● DIRECTIONS FOR THIS TASK
Repeat verbatim, and only, the lines of the data below, beginning at the line that contains "line L57 (-62.7857, -16.6139)" and stopping after the line that contains "line L69 (-42.8571, -26.3876)".

[Source data]
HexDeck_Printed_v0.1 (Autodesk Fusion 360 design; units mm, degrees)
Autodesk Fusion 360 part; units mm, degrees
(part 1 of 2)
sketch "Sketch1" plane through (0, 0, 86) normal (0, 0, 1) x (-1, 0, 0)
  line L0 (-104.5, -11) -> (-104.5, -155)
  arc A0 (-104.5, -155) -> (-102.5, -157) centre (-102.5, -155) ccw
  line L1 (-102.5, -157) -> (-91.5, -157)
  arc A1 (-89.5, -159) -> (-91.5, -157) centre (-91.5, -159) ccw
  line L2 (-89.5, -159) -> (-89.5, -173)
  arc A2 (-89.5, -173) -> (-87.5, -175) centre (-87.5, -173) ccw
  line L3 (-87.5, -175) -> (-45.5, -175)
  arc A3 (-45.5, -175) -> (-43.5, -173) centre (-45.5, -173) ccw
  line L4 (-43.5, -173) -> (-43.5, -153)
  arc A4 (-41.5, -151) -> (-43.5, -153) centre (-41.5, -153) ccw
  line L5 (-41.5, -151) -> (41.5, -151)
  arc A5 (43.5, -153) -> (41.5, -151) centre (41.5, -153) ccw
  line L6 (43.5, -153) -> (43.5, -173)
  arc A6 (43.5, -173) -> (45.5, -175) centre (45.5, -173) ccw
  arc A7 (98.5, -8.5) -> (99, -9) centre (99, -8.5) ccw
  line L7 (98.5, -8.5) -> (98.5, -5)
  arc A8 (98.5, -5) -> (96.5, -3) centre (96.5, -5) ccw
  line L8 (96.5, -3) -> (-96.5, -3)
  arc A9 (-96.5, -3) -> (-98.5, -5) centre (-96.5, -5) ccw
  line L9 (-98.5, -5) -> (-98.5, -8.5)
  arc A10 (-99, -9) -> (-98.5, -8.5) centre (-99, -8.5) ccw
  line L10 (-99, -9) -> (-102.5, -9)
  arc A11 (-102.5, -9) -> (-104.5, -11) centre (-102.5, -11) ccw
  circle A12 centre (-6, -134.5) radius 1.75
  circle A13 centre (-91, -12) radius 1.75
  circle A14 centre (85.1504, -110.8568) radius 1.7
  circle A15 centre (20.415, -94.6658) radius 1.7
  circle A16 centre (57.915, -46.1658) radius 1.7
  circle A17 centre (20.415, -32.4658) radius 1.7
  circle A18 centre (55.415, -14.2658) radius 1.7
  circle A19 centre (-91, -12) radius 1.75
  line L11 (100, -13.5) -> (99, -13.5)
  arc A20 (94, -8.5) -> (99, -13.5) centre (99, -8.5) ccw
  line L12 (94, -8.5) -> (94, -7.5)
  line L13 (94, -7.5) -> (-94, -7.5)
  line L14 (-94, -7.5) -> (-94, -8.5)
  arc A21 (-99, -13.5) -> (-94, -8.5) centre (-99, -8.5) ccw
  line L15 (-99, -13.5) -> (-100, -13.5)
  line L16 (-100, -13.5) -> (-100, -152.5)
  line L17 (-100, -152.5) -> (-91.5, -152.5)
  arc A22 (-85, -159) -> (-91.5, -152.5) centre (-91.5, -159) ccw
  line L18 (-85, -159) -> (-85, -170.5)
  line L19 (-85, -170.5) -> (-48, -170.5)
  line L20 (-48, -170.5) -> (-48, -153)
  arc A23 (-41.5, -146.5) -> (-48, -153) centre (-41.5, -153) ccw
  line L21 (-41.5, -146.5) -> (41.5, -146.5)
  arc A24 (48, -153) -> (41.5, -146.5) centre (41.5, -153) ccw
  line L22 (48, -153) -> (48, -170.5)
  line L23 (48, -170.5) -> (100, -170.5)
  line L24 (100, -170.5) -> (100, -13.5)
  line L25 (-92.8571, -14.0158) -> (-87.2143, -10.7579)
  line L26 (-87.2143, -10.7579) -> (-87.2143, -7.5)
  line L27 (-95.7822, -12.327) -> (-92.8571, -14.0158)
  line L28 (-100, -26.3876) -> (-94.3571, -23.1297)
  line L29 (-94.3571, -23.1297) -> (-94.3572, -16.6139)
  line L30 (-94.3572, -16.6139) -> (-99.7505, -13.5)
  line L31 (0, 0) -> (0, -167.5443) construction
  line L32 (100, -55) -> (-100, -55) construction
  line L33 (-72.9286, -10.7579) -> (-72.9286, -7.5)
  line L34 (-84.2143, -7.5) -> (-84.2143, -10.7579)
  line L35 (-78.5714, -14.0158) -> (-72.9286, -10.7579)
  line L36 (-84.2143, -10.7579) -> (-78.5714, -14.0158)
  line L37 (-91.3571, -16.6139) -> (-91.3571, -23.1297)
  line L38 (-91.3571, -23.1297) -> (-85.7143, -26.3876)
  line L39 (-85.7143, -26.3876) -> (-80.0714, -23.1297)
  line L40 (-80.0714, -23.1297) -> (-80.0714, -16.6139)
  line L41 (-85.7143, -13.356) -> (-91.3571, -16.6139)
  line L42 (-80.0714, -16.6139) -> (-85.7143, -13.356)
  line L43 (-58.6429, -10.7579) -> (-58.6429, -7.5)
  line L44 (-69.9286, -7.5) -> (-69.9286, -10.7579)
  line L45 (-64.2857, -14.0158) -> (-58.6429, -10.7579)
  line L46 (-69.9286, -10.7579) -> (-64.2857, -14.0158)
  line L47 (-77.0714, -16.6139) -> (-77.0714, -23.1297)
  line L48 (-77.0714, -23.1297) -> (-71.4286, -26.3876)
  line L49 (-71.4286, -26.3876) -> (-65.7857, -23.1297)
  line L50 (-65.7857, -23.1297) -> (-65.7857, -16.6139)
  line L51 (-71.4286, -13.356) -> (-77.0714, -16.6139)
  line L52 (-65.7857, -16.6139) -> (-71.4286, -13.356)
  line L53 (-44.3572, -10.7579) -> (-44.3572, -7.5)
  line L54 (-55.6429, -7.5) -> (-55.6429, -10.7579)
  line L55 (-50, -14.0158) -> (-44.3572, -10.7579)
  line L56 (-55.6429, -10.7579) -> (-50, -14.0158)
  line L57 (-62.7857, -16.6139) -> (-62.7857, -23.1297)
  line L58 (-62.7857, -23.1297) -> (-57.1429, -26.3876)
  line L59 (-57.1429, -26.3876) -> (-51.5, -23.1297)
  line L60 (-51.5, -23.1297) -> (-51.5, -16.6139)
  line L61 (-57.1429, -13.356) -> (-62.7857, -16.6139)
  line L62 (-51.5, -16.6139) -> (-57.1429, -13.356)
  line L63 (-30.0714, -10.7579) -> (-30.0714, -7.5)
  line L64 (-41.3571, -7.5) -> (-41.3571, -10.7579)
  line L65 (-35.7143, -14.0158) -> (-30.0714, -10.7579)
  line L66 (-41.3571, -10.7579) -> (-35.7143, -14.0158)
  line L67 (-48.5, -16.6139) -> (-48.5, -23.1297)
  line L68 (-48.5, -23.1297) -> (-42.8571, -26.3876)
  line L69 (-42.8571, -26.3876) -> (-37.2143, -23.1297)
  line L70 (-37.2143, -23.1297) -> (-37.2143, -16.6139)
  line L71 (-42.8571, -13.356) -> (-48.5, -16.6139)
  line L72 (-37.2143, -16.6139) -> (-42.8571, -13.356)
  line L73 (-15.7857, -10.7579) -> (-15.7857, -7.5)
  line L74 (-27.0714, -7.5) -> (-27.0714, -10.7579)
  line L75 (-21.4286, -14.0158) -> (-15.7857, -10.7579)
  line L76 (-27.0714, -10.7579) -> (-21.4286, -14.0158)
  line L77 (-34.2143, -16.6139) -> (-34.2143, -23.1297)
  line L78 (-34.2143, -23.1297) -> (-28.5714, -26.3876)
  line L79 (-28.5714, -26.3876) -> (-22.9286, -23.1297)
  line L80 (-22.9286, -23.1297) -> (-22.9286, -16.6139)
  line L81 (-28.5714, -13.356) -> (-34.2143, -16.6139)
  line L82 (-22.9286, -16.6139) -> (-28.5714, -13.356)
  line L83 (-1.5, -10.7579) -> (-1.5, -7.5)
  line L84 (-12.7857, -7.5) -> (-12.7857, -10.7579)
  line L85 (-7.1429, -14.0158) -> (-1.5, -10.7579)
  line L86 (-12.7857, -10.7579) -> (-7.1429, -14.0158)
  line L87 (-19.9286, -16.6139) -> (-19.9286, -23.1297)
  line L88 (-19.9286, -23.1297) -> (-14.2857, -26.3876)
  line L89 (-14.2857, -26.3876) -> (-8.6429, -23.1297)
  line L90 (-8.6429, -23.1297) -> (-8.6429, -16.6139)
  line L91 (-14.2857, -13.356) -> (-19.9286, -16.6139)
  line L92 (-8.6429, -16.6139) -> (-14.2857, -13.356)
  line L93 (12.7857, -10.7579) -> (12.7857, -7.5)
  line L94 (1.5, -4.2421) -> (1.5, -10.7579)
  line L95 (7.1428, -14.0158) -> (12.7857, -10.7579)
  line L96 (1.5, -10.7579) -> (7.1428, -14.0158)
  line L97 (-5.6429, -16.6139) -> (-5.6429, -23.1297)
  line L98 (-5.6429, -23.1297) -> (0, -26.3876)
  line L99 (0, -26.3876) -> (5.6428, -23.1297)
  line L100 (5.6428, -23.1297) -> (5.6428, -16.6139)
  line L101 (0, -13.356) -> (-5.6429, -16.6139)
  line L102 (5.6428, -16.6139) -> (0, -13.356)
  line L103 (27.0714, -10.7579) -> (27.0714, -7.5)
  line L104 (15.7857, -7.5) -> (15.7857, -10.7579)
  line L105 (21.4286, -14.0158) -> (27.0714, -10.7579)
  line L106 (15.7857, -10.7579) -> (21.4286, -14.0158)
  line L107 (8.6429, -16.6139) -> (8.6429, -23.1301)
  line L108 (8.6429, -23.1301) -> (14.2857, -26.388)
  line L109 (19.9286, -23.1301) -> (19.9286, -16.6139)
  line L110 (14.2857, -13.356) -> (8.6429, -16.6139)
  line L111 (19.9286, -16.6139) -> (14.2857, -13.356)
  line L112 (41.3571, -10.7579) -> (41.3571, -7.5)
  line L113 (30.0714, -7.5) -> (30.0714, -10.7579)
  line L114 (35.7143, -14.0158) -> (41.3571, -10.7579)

● SOLUTION BELOW
  line L57 (-62.7857, -16.6139) -> (-62.7857, -23.1297)
  line L58 (-62.7857, -23.1297) -> (-57.1429, -26.3876)
  line L59 (-57.1429, -26.3876) -> (-51.5, -23.1297)
  line L60 (-51.5, -23.1297) -> (-51.5, -16.6139)
  line L61 (-57.1429, -13.356) -> (-62.7857, -16.6139)
  line L62 (-51.5, -16.6139) -> (-57.1429, -13.356)
  line L63 (-30.0714, -10.7579) -> (-30.0714, -7.5)
  line L64 (-41.3571, -7.5) -> (-41.3571, -10.7579)
  line L65 (-35.7143, -14.0158) -> (-30.0714, -10.7579)
  line L66 (-41.3571, -10.7579) -> (-35.7143, -14.0158)
  line L67 (-48.5, -16.6139) -> (-48.5, -23.1297)
  line L68 (-48.5, -23.1297) -> (-42.8571, -26.3876)
  line L69 (-42.8571, -26.3876) -> (-37.2143, -23.1297)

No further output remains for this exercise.